(Stored data entries)
☆ ☆ ☆ ☆ ☆
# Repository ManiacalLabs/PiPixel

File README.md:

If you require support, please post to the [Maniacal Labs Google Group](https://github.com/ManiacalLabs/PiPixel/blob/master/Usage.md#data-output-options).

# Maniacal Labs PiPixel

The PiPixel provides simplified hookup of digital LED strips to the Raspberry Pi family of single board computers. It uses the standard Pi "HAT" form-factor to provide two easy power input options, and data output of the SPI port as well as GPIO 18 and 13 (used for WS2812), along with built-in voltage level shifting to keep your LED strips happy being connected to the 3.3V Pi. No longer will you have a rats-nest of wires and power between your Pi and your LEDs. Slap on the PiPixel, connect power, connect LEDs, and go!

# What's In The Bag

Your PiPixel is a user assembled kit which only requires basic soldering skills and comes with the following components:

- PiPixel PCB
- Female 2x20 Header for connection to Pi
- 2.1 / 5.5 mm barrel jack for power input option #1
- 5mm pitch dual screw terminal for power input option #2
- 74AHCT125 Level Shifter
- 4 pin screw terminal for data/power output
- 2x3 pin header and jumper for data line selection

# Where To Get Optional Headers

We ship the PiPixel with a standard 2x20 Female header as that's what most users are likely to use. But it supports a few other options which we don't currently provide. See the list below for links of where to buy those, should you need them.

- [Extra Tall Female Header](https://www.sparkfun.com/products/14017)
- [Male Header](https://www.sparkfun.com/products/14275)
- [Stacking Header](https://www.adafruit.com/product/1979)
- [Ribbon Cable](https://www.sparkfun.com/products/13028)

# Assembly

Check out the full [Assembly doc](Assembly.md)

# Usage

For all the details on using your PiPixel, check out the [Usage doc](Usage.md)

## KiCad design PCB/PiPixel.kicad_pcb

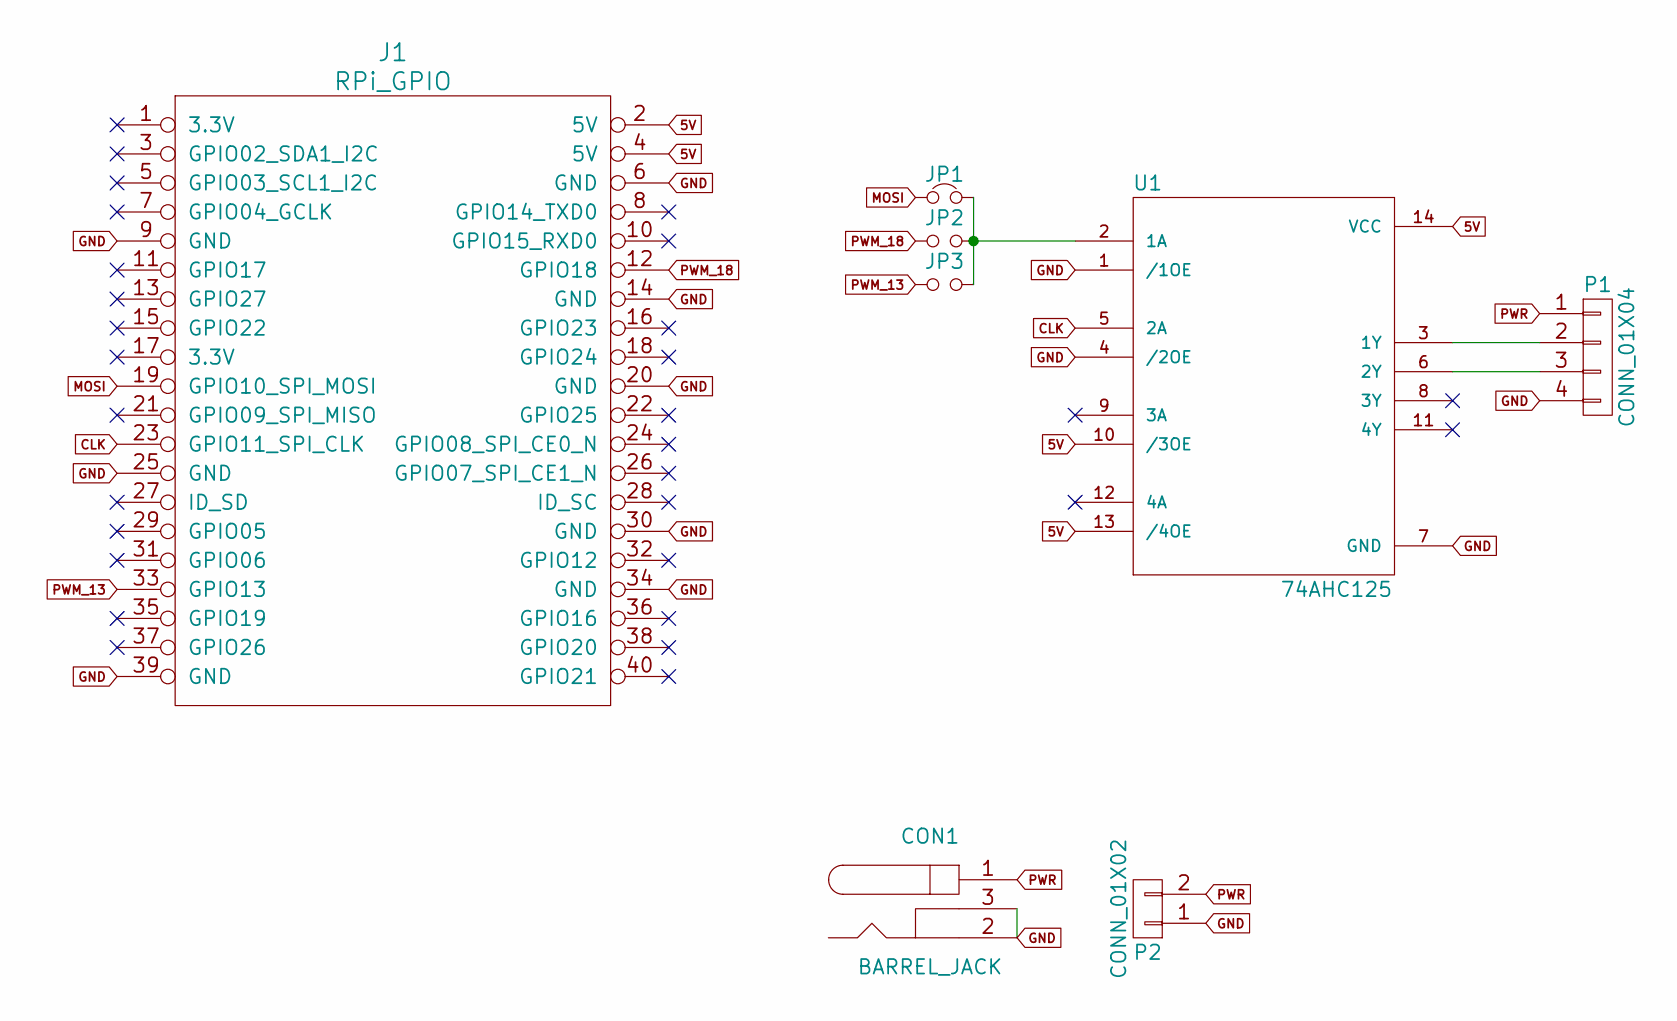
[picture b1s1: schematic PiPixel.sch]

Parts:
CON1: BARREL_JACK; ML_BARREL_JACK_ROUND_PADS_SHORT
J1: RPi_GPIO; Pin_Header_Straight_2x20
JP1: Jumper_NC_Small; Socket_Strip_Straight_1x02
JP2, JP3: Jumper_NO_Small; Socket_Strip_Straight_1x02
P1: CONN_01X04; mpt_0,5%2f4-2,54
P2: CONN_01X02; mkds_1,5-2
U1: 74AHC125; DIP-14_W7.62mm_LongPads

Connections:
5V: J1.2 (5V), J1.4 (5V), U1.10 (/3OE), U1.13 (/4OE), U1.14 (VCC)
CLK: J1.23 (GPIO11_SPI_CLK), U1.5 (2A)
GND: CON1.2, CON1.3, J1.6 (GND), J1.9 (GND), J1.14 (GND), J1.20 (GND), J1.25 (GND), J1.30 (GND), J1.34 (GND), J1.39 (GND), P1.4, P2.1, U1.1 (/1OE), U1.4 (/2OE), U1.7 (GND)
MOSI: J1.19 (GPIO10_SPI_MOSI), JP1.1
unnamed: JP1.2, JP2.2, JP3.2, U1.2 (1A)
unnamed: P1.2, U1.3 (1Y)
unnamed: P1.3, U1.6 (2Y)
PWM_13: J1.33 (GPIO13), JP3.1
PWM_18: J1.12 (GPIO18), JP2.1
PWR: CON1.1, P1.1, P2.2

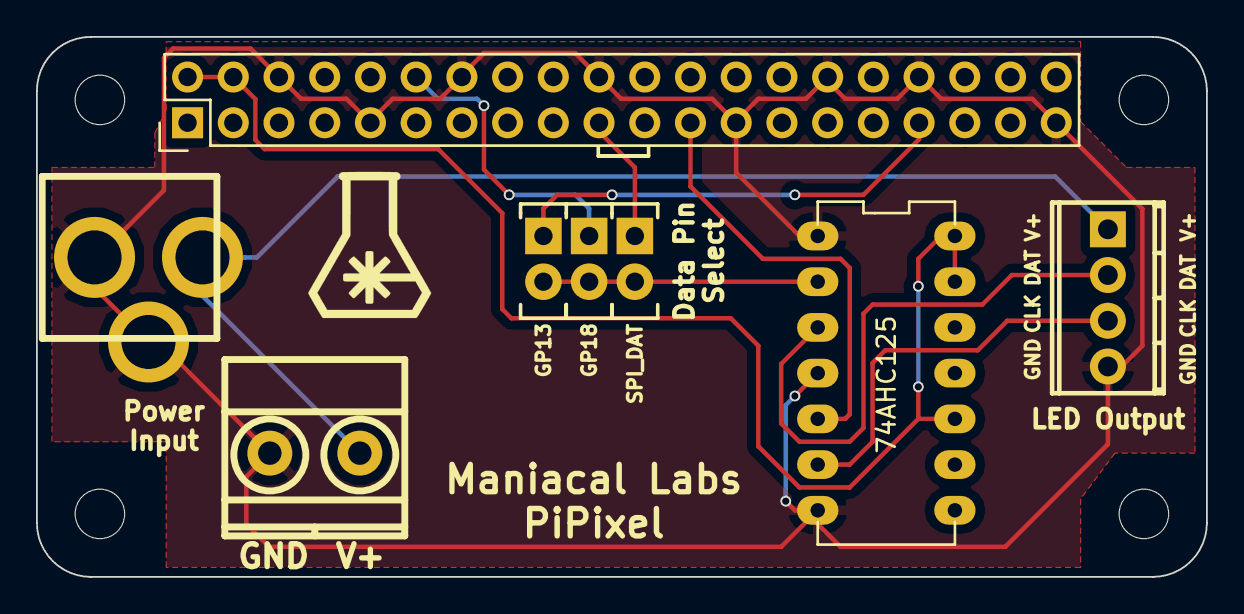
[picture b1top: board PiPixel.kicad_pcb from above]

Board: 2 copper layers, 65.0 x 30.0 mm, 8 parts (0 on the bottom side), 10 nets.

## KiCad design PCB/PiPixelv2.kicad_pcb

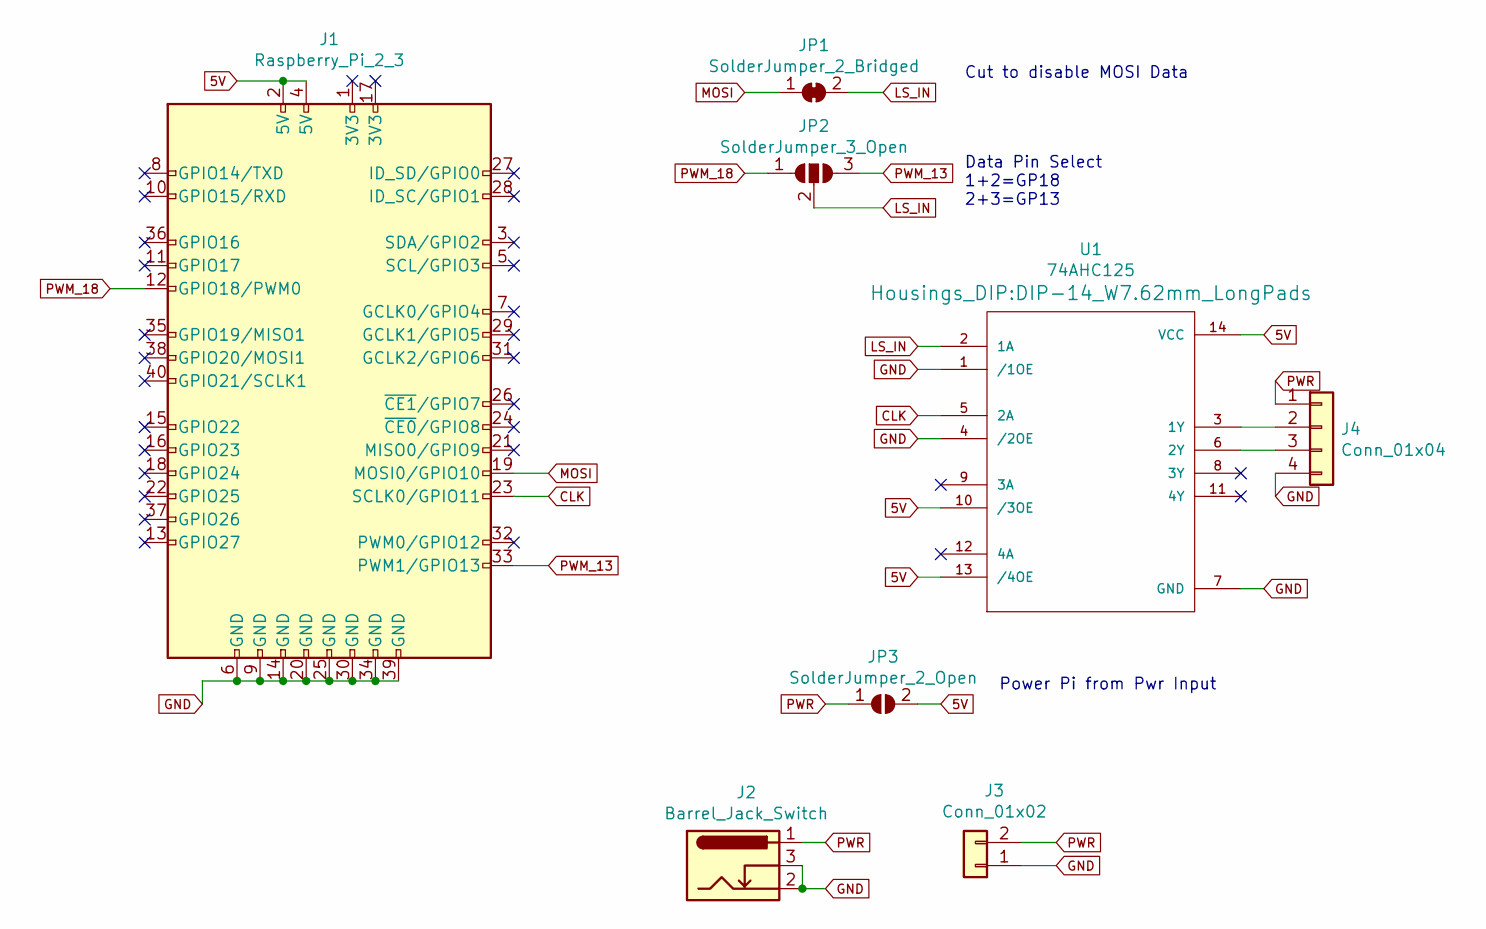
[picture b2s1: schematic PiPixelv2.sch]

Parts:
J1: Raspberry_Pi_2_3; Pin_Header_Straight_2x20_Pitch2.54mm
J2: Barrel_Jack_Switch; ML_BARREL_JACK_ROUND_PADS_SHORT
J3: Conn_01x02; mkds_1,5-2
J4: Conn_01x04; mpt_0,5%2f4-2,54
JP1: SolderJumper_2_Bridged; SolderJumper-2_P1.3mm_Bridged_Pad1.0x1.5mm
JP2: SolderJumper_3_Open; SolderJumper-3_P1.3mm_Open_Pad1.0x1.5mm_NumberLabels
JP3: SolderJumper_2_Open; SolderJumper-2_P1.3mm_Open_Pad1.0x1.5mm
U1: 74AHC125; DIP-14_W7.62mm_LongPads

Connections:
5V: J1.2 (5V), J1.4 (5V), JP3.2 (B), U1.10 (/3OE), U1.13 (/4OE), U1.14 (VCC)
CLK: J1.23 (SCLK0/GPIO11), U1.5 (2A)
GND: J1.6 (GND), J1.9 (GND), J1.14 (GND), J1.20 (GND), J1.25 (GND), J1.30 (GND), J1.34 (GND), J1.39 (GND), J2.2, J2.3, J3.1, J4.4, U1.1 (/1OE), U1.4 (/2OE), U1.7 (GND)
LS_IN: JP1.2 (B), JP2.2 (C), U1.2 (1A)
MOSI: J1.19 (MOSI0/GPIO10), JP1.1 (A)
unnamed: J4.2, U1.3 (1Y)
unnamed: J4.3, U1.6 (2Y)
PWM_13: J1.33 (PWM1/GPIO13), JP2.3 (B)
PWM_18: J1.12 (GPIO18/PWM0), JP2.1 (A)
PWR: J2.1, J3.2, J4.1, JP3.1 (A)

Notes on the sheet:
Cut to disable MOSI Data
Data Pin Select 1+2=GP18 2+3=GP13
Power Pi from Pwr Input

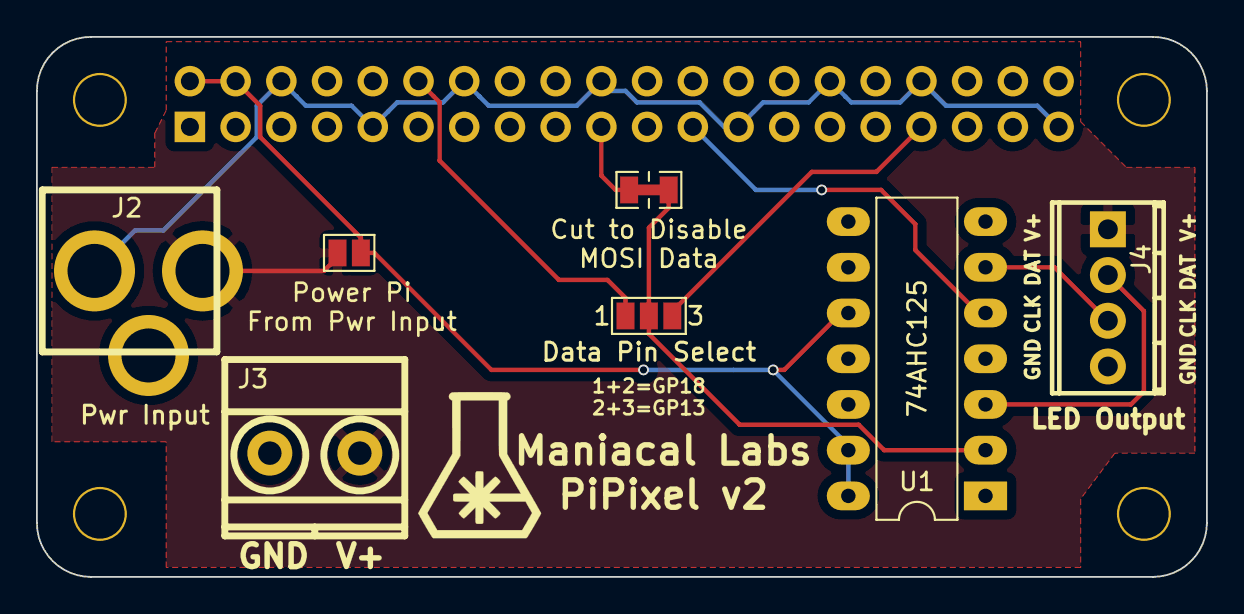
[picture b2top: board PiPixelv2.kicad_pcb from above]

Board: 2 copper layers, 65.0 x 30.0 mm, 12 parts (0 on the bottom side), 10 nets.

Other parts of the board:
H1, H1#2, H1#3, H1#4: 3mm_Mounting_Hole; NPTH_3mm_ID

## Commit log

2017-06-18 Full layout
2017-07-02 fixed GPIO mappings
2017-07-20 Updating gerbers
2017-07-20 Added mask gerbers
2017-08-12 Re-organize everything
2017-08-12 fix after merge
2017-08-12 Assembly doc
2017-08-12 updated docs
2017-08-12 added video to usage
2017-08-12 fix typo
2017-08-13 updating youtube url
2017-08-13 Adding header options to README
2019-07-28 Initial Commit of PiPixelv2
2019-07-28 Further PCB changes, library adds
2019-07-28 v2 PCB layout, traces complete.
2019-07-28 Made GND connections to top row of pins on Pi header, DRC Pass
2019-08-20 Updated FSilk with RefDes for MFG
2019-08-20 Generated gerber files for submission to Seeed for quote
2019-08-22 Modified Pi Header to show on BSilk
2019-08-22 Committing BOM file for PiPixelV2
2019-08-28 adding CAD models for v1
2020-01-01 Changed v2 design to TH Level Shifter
☆ ☆ ☆ ☆ ☆
> YOUR ASSIGNMENT
Indicate how many lines in the records above contain the word "design", giving only the number.

> TASK SOLUTION
3